**ABOUT THIS EXERCISE:** Within the records below, reproduce without change the lines from the line that has "#15=CARTESIAN_POINT('',(0.,0.,0.));" through the line that has "#25=VECTOR('',#24,1.);", and only those.

**INFORMATION SUPPLIED:**
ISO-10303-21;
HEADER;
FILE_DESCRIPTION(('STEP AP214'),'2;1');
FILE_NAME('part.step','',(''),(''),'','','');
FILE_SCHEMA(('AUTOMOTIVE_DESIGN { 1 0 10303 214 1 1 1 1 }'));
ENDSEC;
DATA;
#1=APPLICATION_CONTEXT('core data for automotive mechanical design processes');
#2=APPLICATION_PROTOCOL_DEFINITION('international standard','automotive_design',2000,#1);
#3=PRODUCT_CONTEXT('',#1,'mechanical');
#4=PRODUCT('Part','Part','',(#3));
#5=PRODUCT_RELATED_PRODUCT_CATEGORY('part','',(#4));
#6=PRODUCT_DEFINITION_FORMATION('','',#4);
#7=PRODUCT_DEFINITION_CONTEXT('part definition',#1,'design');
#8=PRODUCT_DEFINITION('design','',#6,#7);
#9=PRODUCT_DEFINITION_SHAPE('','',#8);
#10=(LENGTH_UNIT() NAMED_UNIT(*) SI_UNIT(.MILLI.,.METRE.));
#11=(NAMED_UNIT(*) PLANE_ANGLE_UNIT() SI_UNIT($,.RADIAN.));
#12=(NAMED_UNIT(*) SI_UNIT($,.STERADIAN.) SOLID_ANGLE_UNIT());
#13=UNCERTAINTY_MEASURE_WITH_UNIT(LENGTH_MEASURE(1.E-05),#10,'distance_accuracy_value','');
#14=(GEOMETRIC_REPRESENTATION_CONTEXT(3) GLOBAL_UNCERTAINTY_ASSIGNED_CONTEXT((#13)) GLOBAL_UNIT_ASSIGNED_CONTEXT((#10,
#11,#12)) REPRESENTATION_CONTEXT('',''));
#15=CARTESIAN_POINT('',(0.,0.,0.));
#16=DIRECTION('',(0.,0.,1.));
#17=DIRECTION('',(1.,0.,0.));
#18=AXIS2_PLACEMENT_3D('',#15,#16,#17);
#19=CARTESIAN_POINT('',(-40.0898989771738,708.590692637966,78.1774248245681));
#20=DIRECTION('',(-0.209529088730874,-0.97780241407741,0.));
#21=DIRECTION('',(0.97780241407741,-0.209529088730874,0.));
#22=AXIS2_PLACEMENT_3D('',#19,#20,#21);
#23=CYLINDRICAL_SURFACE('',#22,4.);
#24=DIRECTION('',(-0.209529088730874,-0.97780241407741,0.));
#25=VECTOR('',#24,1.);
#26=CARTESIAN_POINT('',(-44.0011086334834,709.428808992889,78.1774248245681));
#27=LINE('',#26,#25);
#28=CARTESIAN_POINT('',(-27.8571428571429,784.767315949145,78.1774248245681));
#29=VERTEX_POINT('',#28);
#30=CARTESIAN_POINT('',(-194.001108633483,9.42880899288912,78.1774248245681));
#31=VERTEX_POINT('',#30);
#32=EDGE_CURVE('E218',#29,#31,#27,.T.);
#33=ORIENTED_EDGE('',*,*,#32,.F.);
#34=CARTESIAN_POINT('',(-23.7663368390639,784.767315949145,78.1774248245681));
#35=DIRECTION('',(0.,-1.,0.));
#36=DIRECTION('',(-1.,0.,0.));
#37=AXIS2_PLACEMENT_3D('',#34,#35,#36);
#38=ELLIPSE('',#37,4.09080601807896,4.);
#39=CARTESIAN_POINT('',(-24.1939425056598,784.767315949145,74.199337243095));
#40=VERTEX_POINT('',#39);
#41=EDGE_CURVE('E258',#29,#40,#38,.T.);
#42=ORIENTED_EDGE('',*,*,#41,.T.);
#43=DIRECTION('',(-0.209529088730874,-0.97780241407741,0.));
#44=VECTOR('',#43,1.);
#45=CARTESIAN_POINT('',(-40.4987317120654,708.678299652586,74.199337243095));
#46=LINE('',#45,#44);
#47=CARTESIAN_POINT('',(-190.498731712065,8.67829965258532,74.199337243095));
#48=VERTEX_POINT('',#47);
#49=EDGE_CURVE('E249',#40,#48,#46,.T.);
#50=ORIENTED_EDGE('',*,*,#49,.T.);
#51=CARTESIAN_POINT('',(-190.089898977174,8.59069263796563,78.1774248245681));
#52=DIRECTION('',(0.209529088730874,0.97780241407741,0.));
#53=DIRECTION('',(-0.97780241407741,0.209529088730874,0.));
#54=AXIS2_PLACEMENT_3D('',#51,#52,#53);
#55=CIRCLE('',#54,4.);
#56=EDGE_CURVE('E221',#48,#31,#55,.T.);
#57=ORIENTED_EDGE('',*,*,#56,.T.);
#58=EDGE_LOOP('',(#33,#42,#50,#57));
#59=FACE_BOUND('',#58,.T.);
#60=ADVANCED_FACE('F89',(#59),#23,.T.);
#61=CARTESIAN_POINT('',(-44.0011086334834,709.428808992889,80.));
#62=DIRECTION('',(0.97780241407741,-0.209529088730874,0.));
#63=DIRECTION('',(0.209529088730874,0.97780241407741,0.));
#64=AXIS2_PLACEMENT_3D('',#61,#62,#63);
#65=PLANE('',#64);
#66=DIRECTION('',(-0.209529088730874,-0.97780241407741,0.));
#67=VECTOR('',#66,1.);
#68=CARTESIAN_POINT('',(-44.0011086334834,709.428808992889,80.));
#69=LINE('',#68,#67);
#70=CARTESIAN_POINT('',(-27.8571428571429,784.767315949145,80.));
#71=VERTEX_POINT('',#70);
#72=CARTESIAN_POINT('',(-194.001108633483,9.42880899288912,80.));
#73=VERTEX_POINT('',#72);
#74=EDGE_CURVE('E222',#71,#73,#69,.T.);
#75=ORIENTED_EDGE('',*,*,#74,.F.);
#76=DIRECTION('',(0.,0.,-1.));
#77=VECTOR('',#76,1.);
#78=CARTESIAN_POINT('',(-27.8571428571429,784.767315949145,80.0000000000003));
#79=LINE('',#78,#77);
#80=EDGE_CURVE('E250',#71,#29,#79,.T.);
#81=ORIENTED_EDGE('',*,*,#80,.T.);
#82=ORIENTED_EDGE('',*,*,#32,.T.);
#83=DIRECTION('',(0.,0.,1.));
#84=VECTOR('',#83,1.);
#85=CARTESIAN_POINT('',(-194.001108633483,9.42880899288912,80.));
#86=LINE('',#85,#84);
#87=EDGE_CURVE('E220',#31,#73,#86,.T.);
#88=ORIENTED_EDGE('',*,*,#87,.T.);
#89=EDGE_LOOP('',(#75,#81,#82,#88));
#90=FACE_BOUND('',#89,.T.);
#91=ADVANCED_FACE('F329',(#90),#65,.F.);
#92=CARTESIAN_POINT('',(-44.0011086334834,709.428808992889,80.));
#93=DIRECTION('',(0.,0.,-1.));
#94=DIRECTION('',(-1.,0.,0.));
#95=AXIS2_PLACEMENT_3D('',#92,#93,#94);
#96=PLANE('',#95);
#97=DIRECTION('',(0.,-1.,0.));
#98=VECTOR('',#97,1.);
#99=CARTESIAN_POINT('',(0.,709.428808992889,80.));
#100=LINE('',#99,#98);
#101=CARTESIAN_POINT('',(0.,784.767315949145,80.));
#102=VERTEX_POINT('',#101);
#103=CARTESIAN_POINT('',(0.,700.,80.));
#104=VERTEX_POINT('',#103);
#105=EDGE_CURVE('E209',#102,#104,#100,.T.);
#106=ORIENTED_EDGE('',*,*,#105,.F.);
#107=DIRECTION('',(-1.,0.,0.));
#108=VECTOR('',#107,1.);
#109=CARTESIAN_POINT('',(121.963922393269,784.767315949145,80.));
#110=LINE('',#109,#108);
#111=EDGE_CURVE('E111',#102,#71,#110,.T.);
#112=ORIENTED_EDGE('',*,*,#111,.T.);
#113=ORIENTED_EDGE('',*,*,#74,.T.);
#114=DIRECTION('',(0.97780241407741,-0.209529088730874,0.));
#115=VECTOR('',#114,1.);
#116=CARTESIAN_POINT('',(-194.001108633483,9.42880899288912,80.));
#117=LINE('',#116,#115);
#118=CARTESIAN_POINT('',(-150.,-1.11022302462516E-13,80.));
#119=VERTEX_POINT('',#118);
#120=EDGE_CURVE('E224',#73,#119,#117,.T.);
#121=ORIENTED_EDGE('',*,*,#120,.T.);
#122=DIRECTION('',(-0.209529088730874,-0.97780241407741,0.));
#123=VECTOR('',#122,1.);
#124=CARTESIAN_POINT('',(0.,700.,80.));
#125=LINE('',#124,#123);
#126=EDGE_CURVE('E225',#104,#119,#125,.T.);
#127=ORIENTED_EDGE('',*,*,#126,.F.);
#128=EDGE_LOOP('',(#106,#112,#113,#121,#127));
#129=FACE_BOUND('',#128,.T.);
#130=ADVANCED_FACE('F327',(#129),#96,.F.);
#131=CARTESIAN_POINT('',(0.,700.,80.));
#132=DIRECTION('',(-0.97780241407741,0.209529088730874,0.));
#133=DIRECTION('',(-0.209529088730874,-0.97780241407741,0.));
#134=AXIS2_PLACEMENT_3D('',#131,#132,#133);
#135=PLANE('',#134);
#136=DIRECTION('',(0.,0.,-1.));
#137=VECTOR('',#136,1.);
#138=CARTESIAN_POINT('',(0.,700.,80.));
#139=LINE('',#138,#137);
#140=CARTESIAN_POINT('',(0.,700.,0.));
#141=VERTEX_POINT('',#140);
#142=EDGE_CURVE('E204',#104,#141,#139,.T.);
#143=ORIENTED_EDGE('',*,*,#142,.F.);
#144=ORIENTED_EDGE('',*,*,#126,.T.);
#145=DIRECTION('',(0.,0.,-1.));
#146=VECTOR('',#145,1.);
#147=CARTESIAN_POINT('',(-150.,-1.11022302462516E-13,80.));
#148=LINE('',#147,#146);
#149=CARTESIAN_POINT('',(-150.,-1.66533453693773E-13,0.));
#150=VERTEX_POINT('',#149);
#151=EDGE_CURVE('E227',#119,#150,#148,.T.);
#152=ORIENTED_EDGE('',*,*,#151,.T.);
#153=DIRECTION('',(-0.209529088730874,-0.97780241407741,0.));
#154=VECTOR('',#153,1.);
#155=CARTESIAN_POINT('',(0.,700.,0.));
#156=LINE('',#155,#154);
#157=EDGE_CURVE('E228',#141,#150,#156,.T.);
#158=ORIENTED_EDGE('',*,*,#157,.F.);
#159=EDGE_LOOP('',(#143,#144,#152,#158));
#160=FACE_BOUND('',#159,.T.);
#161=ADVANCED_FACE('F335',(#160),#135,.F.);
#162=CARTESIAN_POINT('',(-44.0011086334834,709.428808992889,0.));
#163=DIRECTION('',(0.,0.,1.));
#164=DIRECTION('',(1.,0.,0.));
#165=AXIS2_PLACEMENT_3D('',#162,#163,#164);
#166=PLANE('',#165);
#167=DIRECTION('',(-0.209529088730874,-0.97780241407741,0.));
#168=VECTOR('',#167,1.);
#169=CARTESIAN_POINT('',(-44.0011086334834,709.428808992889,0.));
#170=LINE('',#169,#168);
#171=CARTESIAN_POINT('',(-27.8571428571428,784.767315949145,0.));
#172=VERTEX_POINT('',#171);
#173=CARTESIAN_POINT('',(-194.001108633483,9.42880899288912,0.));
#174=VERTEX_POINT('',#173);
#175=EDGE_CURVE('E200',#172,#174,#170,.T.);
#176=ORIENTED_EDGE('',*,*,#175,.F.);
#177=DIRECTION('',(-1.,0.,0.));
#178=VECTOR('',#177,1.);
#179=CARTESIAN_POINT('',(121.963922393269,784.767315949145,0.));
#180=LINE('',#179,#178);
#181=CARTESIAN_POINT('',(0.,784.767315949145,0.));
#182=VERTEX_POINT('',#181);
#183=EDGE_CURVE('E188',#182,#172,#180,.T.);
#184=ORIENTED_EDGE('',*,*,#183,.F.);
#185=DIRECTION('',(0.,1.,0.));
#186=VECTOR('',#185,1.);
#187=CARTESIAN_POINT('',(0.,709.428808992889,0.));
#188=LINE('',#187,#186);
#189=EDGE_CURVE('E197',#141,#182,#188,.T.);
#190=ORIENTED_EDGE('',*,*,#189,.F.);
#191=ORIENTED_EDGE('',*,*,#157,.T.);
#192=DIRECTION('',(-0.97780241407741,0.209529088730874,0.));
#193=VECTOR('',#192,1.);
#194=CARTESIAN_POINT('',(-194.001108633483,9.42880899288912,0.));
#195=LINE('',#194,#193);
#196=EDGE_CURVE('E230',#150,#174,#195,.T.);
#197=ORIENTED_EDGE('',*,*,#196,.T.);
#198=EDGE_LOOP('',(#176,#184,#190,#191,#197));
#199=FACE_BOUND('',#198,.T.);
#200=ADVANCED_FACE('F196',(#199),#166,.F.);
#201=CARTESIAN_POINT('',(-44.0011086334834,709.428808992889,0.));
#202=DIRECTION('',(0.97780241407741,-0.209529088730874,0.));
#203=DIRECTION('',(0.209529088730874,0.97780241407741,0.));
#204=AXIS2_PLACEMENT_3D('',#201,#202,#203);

**RESULT OF THIS TASK:**
#15=CARTESIAN_POINT('',(0.,0.,0.));
#16=DIRECTION('',(0.,0.,1.));
#17=DIRECTION('',(1.,0.,0.));
#18=AXIS2_PLACEMENT_3D('',#15,#16,#17);
#19=CARTESIAN_POINT('',(-40.0898989771738,708.590692637966,78.1774248245681));
#20=DIRECTION('',(-0.209529088730874,-0.97780241407741,0.));
#21=DIRECTION('',(0.97780241407741,-0.209529088730874,0.));
#22=AXIS2_PLACEMENT_3D('',#19,#20,#21);
#23=CYLINDRICAL_SURFACE('',#22,4.);
#24=DIRECTION('',(-0.209529088730874,-0.97780241407741,0.));
#25=VECTOR('',#24,1.);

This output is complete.